A particle is found to be at rest when seen from a frame `S_(1)` and moving with a constant velocity when seen from another frame `S_2`
a) Both the frames are inertial
b) Both the frames are non inertial
c) `S_(1)` is inertial and `S_2` is non inertial
d) `S_(1)` is non inertial and `S_2` is inertial

To solve the problem, we need to analyze the situation described in the question. ### Step-by-Step Solution: 1. **Understanding the Frames**: - We have two frames of reference: \( S_1 \) and \( S_2 \). - In frame \( S_1 \), the particle is at rest. This means that the velocity of the particle with respect to \( S_1 \) is zero. - In frame \( S_2 \), the particle is moving with a constant velocity.
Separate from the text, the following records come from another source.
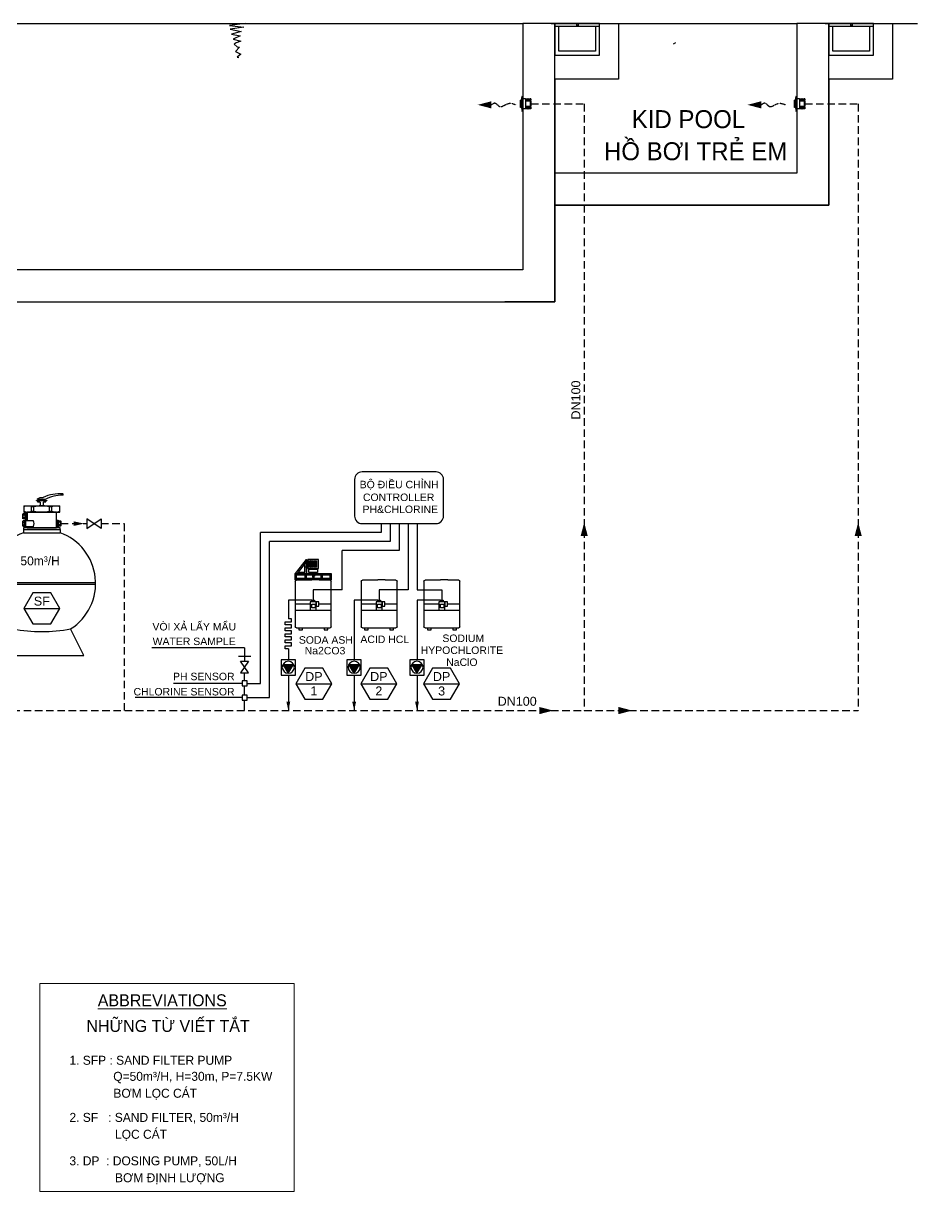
# Model space of a CAD drawing. Header units: millimetres. Extents: x 378902 to 448365, y -243726 to -202886.
# Drawn here: x 418477 to 448365, y -243726 to -204703 of the extents above; entities that cross this region are included whole.
import ezdxf
from ezdxf.enums import TextEntityAlignment as Align

# ---------------------------------------------------------------- set-up
doc = ezdxf.new("R2010")
doc.units = ezdxf.units.MM
doc.linetypes.add('DASHED', pattern=[0.75, 0.5, -0.25])
for name, color, linetype in [('Layer3', 3, 'Continuous'), ('P-CWL-PRES-3', 3, 'DASHED'), ('P-EQ-30', 30, 'Continuous'), ('P-TITLE-6', 6, 'Continuous')]:
    doc.layers.add(name, color=color, linetype=linetype)
doc.layers.add('P-CWS', color=5, linetype='Continuous', lineweight=20)
doc.layers.add('P-Text', color=3, linetype='Continuous', lineweight=18)
doc.styles.add('CPG-TEXT', font='arial.ttf')
doc.styles.add('ICIC', font='arial.ttf')
doc.styles.add('Vni-Avo', font='VAVON_0.TTF')

# ---------------------------------------------------------------- blocks, each defined once
blk = doc.blocks.new('A$C26BD33A2')
for p, q in [((-32, 0), (-49, 0)), ((-39, 0), (-39, -7)), ((-32, 0), (-32, -56)), ((27, 0), (-27, 0)), ((-27, 0), (-27, -56)), ((49, 0), (32, 0)), ((39, 0), (39, -7)), ((81, -81), (-81, -81)), ((-39, -96), (-75, -88)), ((74, -88), (-74, -88)), ((-49, 0), (-49, -7)), ((-39, -7), (-49, -7)), ((-49, -56), (-49, -81)), ((49, -56), (-49, -56)), ((39, -96), (-39, -96)), ((33, -108), (-33, -108)), ((27, -7), (-27, -7)), ((27, 0), (27, -56)), ((32, 0), (32, -56)), ((49, -7), (39, -7)), ((39, -96), (75, -88)), ((49, 0), (49, -7)), ((49, -56), (49, -81)), ((81, -81), (81, -81))]:
    blk.add_line(p, q)
for centre, radius, start, end in [((-74, -81), 7.35, 180, 270), ((31, -32), 83.5, 162.9385, 197.0615), ((6, -32), 51.1, 151.3457, 208.6543), ((-18, -92), 21, 189.0318, 227.7063), ((18, -92), 21, 312.2937, 350.9682), ((-6, -32), 51.1, 331.3457, 28.6543), ((-31, -32), 83.5, 342.9385, 17.0615), ((74, -81), 7.35, 270, 0)]:
    blk.add_arc(centre, radius, start, end)
blk = doc.blocks.new('PH')
for p, q in [((-560, 1600), (-200, 1600)), ((-200, 1605), (-45, 1605)), ((-200, 1605), (-200, 1600)), ((45, 1620), (-45, 1620)), ((-45, 1605), (-45, 1620)), ((45, 1605), (45, 1620)), ((200, 1605), (45, 1605)), ((200, 1605), (200, 1600)), ((200, 1600), (560, 1600)), ((-600, 40), (-600, 1560)), ((0, 1272), (0, 927)), ((600, 1560), (600, 40)), ((-187, 809), (-600, 809)), ((-187, 867), (-101, 867)), ((-187, 731), (-187, 867)), ((-101, 867), (-101, 731)), ((-101, 597), (-101, 867)), ((-101, 867), (101, 867)), ((52, 797), (-64, 797)), ((-64, 797), (-64, 671)), ((45, 927), (-45, 927)), ((-45, 927), (-45, 867)), ((-45, 867), (45, 867)), ((45, 867), (45, 927)), ((52, 671), (52, 797)), ((101, 867), (101, 597)), ((600, 809), (101, 809)), ((600, 809), (101, 809)), ((600, 597), (-600, 597)), ((-101, 731), (-187, 731)), ((101, 597), (-101, 597)), ((-64, 671), (52, 671)), ((560, 0), (-560, 0)), ((-484, -60), (-484, 0)), ((-364, 0), (-364, -60)), ((364, -60), (364, 0)), ((484, 0), (484, -60)), ((-364, -60), (-484, -60)), ((484, -60), (364, -60))]:
    blk.add_line(p, q)
for centre, start, end in [((-560, 1560), 90, 180), ((560, 1560), 0, 90), ((-560, 40), 180, 270), ((560, 40), 270, 0)]:
    blk.add_arc(centre, 40, start, end)
blk = doc.blocks.new('CHLORINE')
for p, q in [((-560, 1600), (-200, 1600)), ((-200, 1605), (-200, 1600)), ((-200, 1605), (-45, 1605)), ((-45, 1605), (-45, 1620)), ((45, 1620), (-45, 1620)), ((45, 1605), (45, 1620)), ((200, 1605), (45, 1605)), ((200, 1605), (200, 1600)), ((200, 1600), (560, 1600)), ((-600, 40), (-600, 1560)), ((0, 1272), (0, 927)), ((600, 1560), (600, 40)), ((-187, 809), (-600, 809)), ((-187, 731), (-187, 867)), ((-187, 867), (-101, 867)), ((-101, 867), (101, 867)), ((-101, 597), (-101, 867)), ((-101, 867), (-101, 731)), ((-64, 797), (-64, 671)), ((52, 797), (-64, 797)), ((-45, 927), (-45, 867)), ((45, 927), (-45, 927)), ((-45, 867), (45, 867)), ((45, 867), (45, 927)), ((52, 671), (52, 797)), ((101, 867), (101, 597)), ((600, 809), (101, 809)), ((600, 809), (101, 809)), ((600, 597), (-600, 597)), ((-101, 731), (-187, 731)), ((101, 597), (-101, 597)), ((-64, 671), (52, 671)), ((560, 0), (-560, 0)), ((-484, -60), (-484, 0)), ((-364, 0), (-364, -60)), ((364, -60), (364, 0)), ((484, 0), (484, -60)), ((-364, -60), (-484, -60)), ((484, -60), (364, -60))]:
    blk.add_line(p, q)
for centre, start, end in [((-560, 1560), 90, 180), ((560, 1560), 0, 90), ((-560, 40), 180, 270), ((560, 40), 270, 0)]:
    blk.add_arc(centre, 40, start, end)
blk = doc.blocks.new('FLO')
for p, q in [((-177, 1986), (-177, 2286)), ((-177, 2286), (183, 2286)), ((183, 1986), (-177, 1986)), ((143, 1959), (-138, 1959)), ((-138, 1959), (-138, 1855)), ((-105, 2256), (-112, 2256)), ((-112, 2256), (-112, 2022)), ((-112, 2022), (-105, 2022)), ((-105, 2022), (-105, 2256)), ((107, 1986), (-102, 1986)), ((-102, 1986), (-102, 1959)), ((-102, 1959), (107, 1959)), ((-53, 2256), (-60, 2256)), ((-60, 2256), (-60, 2022)), ((-60, 2022), (-53, 2022)), ((-53, 2022), (-53, 2256)), ((-3, 2256), (-10, 2256)), ((-10, 2256), (-10, 2022)), ((-10, 2022), (-3, 2022)), ((-3, 2022), (-3, 2256)), ((44, 2256), (36, 2256)), ((36, 2256), (36, 2022)), ((36, 2022), (44, 2022)), ((44, 2022), (44, 2256)), ((88, 2256), (81, 2256)), ((81, 2256), (81, 2022)), ((81, 2022), (88, 2022)), ((88, 2022), (88, 2256)), ((107, 1959), (107, 1986)), ((131, 2256), (124, 2256)), ((124, 2256), (124, 2022)), ((124, 2022), (131, 2022)), ((131, 2022), (131, 2256)), ((143, 1855), (143, 1959)), ((183, 2286), (183, 1986)), ((183, 2204), (204, 2204)), ((183, 2067), (204, 2067)), ((264, 2229), (199, 2229)), ((264, 2043), (199, 2043)), ((204, 2260), (204, 2136)), ((219, 2260), (204, 2260)), ((204, 2136), (204, 2011)), ((219, 2011), (204, 2011)), ((219, 2260), (219, 2136)), ((219, 2136), (219, 2011)), ((230, 2287), (230, 1815)), ((236, 2287), (230, 2287)), ((236, 2287), (236, 1815)), ((236, 2287), (600, 1815)), ((236, 2213), (543, 1815)), ((277, 1860), (277, 2159)), ((600, 1815), (-600, 1815)), ((-600, 1815), (-600, 1610)), ((-600, 1610), (-600, 1815)), ((600, 1770), (-600, 1770)), ((600, 1770), (-600, 1770)), ((-600, 1655), (600, 1655)), ((-600, 1610), (600, 1610)), ((-560, 1600), (-200, 1600)), ((-555, 1770), (-555, 1655)), ((-295, 1770), (-295, 1655)), ((-250, 1770), (-250, 1655)), ((-200, 1605), (-45, 1605)), ((-200, 1605), (-200, 1600)), ((-138, 1855), (143, 1855)), ((107, 1855), (-102, 1855)), ((-102, 1855), (-102, 1829)), ((-102, 1829), (107, 1829)), ((-45, 1605), (-45, 1610)), ((-42, 1742), (-42, 1750)), ((-42, 1750), (-42, 1731)), ((-40, 1750), (-40, 1742)), ((-26, 1742), (-40, 1742)), ((-26, 1740), (-40, 1740)), ((-40, 1740), (-40, 1731)), ((-26, 1697), (-26, 1757)), ((-26, 1757), (26, 1757)), ((26, 1697), (-26, 1697)), ((-18, 1829), (-18, 1815)), ((-18, 1770), (-18, 1757)), ((-18, 1697), (-18, 1655)), ((18, 1829), (18, 1815)), ((18, 1770), (18, 1757)), ((18, 1697), (18, 1655)), ((26, 1757), (26, 1697)), ((45, 1605), (45, 1610)), ((200, 1605), (45, 1605)), ((107, 1829), (107, 1855)), ((200, 1605), (200, 1600)), ((200, 1600), (560, 1600)), ((230, 1815), (236, 1815)), ((232, 1770), (232, 1655)), ((508, 1860), (277, 1860)), ((277, 1770), (277, 1655)), ((555, 1655), (555, 1770)), ((600, 1610), (600, 1815)), ((-600, 40), (-600, 1560)), ((0, 1272), (0, 927)), ((600, 1560), (600, 40)), ((-187, 809), (-600, 809)), ((-187, 867), (-101, 867)), ((-187, 731), (-187, 867)), ((-101, 867), (-101, 731)), ((-101, 597), (-101, 867)), ((-101, 867), (101, 867)), ((52, 797), (-64, 797)), ((-64, 797), (-64, 671)), ((45, 927), (-45, 927)), ((-45, 927), (-45, 867)), ((-45, 867), (45, 867)), ((45, 867), (45, 927)), ((52, 671), (52, 797)), ((101, 867), (101, 597)), ((600, 809), (101, 809)), ((600, 809), (101, 809)), ((600, 597), (-600, 597)), ((-101, 731), (-187, 731)), ((101, 597), (-101, 597)), ((-64, 671), (52, 671)), ((560, 0), (-560, 0)), ((-484, -60), (-484, 0)), ((-364, 0), (-364, -60)), ((364, -60), (364, 0)), ((484, 0), (484, -60)), ((-364, -60), (-484, -60)), ((484, -60), (364, -60))]:
    blk.add_line(p, q)
for centre, radius, start, end in [((-560, 1560), 40, 90, 180), ((-41, 1750), 0.988, 0, 180), ((-41, 1731), 0.988, 180, 0), ((560, 1560), 40, 0, 90), ((-560, 40), 40, 180, 270), ((560, 40), 40, 270, 0)]:
    blk.add_arc(centre, radius, start, end)
blk = doc.blocks.new('A$C2A3F44EB')
blk.add_hatch(color=256).paths.add_polyline_path([(181, 224), (-99, 387), (-99, 60)])
blk.add_lwpolyline([(239, 0), (-239, 0), (-239, 448), (239, 448)], close=True)
for points in [[(181, 224), (-99, 387)], [(-99, 387), (-99, 60)], [(181, 224), (-99, 60)]]:
    blk.add_lwpolyline(points)
blk.add_circle((-7, 224), 188)
blk = doc.blocks.new('*U22')
for p, q in [((-200, 693), (-400, 346)), ((200, 693), (-200, 693)), ((400, 346), (200, 693)), ((-400, 346), (400, 346)), ((-400, 346), (-200, 0)), ((-400, 346), (153, 346)), ((200, 0), (400, 346)), ((-200, 0), (200, 0))]:
    blk.add_line(p, q)
at = {"color": 1, "style": 'CPG-TEXT'}
blk.add_attdef('DESIGNATION', text='', height=200, dxfattribs=at).set_placement((0, 346), align=Align.BOTTOM_CENTER)
blk.add_attdef('NUM', text='', height=200, dxfattribs=at).set_placement((0, 285), align=Align.TOP_CENTER)
blk = doc.blocks.new('SAND1.2')
for p, q in [((-42, 5283), (48, 5283)), ((-629, 4738), (-634, 4728)), ((-628, 4695), (-570, 4695)), ((92, 5005), (-92, 5005)), ((-629, 4319), (-634, 4329)), ((-628, 4606), (-570, 4606)), ((-628, 4451), (-570, 4451)), ((-628, 4362), (-570, 4362)), ((628, 4451), (570, 4451)), ((628, 4362), (570, 4362)), ((629, 4319), (634, 4329)), ((-610, 4210), (610, 4210)), ((-610, 4210), (-610, 4104)), ((-610, 4104), (610, 4104)), ((610, 4210), (610, 4104)), ((-1800, 2441), (1800, 2441)), ((-1800, 2380), (1800, 2380)), ((-1403, 0), (-963, 889)), ((1403, 0), (963, 889)), ((-1403, 0), (1403, 0))]:
    blk.add_line(p, q)
for points in [[(-172, 5163), (-172, 5174), (172, 5174), (172, 5163)], [(-48, 5174), (-48, 5210), (48, 5210), (48, 5174)], [(-542, 4544), (-542, 4757), (-549, 4757), (-570, 4747), (-570, 4554), (-549, 4544)], [(-542, 4513), (-542, 4300), (-549, 4300), (-570, 4310), (-570, 4503), (-549, 4513)], [(542, 4513), (542, 4300), (549, 4300), (570, 4310), (570, 4503), (549, 4513)], [(-610, 4210), (610, 4210), (610, 4263), (-610, 4263)]]:
    blk.add_lwpolyline(points, close=True)
for points in [[(116, 5210), (-139, 5210), (-139, 5229), (-53, 5281, -0.098969), (-42, 5283)], [(55, 5005), (55, 5115, -0.414214), (73, 5133), (132, 5133, 0.414214), (139, 5141), (139, 5163), (-139, 5163), (-139, 5141, 0.414214), (-132, 5133), (-73, 5133, -0.414214), (-55, 5115), (-55, 5005)], [(-570, 4561), (-628, 4561, -0.295391), (-628, 4606, -0.147477), (-628, 4695, -0.295391), (-628, 4740), (-570, 4740)], [(-603, 4981, -0.186845), (-340, 4981), (-261, 4981, -0.094043), (261, 4981), (340, 4981, -0.186845), (603, 4981)], [(-603, 4818, 0.186845), (-340, 4818), (-261, 4818, 0.094043), (261, 4818), (340, 4818, 0.186845), (603, 4818)], [(-570, 4496), (-628, 4496, 0.295391), (-628, 4451, 0.147477), (-628, 4362, 0.295391), (-628, 4317), (-570, 4317)], [(-291, 4307, -0.414214), (-298, 4300), (-542, 4300), (-542, 4513), (-298, 4513, -0.414214), (-291, 4506)], [(570, 4496), (628, 4496, -0.295391), (628, 4451, -0.147477), (628, 4362, -0.295391), (628, 4317), (570, 4317)]]:
    blk.add_lwpolyline(points, format="xyb")
for points in [[(-629, 4563), (-634, 4573), (-634, 4728), (-634, 4573)], [(-603, 5005), (603, 5005)], [(-603, 5005), (-603, 4794), (603, 4794), (603, 5005)], [(-570, 4740), (-570, 4561)], [(-488, 4300), (-488, 4263), (488, 4263), (488, 4794), (-488, 4794), (-488, 4513)], [(-340, 4818), (-340, 4981)], [(-261, 4818), (-261, 4981)], [(261, 4818), (261, 4981)], [(340, 4818), (340, 4981)], [(-629, 4494), (-634, 4484), (-634, 4329), (-634, 4484)], [(-570, 4317), (-570, 4496)], [(570, 4317), (570, 4496)], [(629, 4494), (634, 4484), (634, 4329), (634, 4484)]]:
    blk.add_lwpolyline(points)
for points in [[(-542, 4757), (-542, 4544), (-495, 4544, 0.414214), (-488, 4551), (-488, 4750, 0.414214), (-495, 4757)], [(542, 4300), (542, 4513), (495, 4513, 0.414214), (488, 4506), (488, 4307, 0.414214), (495, 4300)]]:
    blk.add_lwpolyline(points, format="xyb", close=True)
for centre, radius, start, end in [((620, 4001), 1404, 86.5778, 114.042), ((675, 4227), 1131, 88.6922, 119.6083), ((684, 5381), 29, 305.8139, 47.528), ((-410, 4406), 156, 320.0759, 39.9241), ((0, 2410), 1800, 109.8149, 237.6698), ((0, 2410), 1800, 302.3302, 70.1851), ((0, 6159), 5357, 259.6486, 280.3514)]:
    blk.add_arc(centre, radius, start, end)

msp = doc.modelspace()

# ---------------------------------------------------------------- linework, layer by layer
at = {"color": 8}
for p, q in [((436114, -204703), (444329, -204703)), ((445272, -204703), (448365, -204703))]:
    msp.add_line(p, q, dxfattribs=at)
for p, q in [((436238, -205769), (436238, -204703)), ((445396, -205769), (445396, -204703)), ((430433, -221411), (430433, -221711)), ((430733, -221411), (430733, -222011)), ((431033, -221411), (431033, -222311)), ((431333, -221411), (431333, -223625)), ((431633, -221411), (431633, -223625)), ((431633, -223625), (432466, -223625)), ((425872, -225566), (422768, -225566)), ((426074, -225854), (425671, -225854)), ((425872, -225566), (425872, -226007)), ((425872, -226664), (425872, -226401)), ((425792, -226749), (423497, -226749)), ((425872, -227139), (425872, -226834)), ((425792, -227225), (422213, -227225)), ((425872, -227657), (425872, -227310))]:
    msp.add_line(p, q)
at = {"ltscale": 5000}
for p, q in [((429133, -223625), (428166, -223625)), ((431333, -223625), (430366, -223625))]:
    msp.add_line(p, q, dxfattribs=at)
for points in [[(397292, -214000), (436238, -214000), (436238, -204703), (436238, -204703), (436238, -204703), (436238, -204703), (436238, -204703), (436238, -204703), (436238, -204703), (435171, -204703), (435171, -212933), (391400, -212933), (391400, -204703), (390334, -204703)], [(436238, -204703), (436238, -205769), (437731, -205769), (437731, -204703), (438371, -204703), (438371, -206569), (436238, -206569), (436238, -214000), (434571, -214000)], [(436238, -210772), (445396, -210772), (445396, -204703), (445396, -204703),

This means that the particle has a non-zero velocity with respect to \( S_2 \). 2. **Defining Inertial and Non-Inertial Frames**: - An **inertial frame** is one in which Newton's first law of motion holds true; that is, an object not subject to any net force will remain at rest or move at a constant velocity. - A **non-inertial frame** is one that is accelerating or rotating, where fictitious forces may need to be considered to apply Newton's laws. 3. **Analyzing the Particle's Motion**: - Since the particle is at rest in \( S_1 \), it implies that \( S_1 \) could be an inertial frame (where no net forces act on the particle). - Since the particle is moving with a constant velocity in \( S_2 \), it suggests that \( S_2 \) could also be an inertial frame if it is moving uniformly relative to \( S_1 \). 4. **Relative Acceleration**: - The fact that the particle is at rest in \( S_1 \) and moving with constant velocity in \( S_2 \) indicates that both frames could be inertial. - If both frames are moving with the same constant velocity, then they are both inertial frames. 5. **Conclusion**: - Since both frames can be considered inertial frames under the given conditions, the correct option is: - **a) Both the frames are inertial**.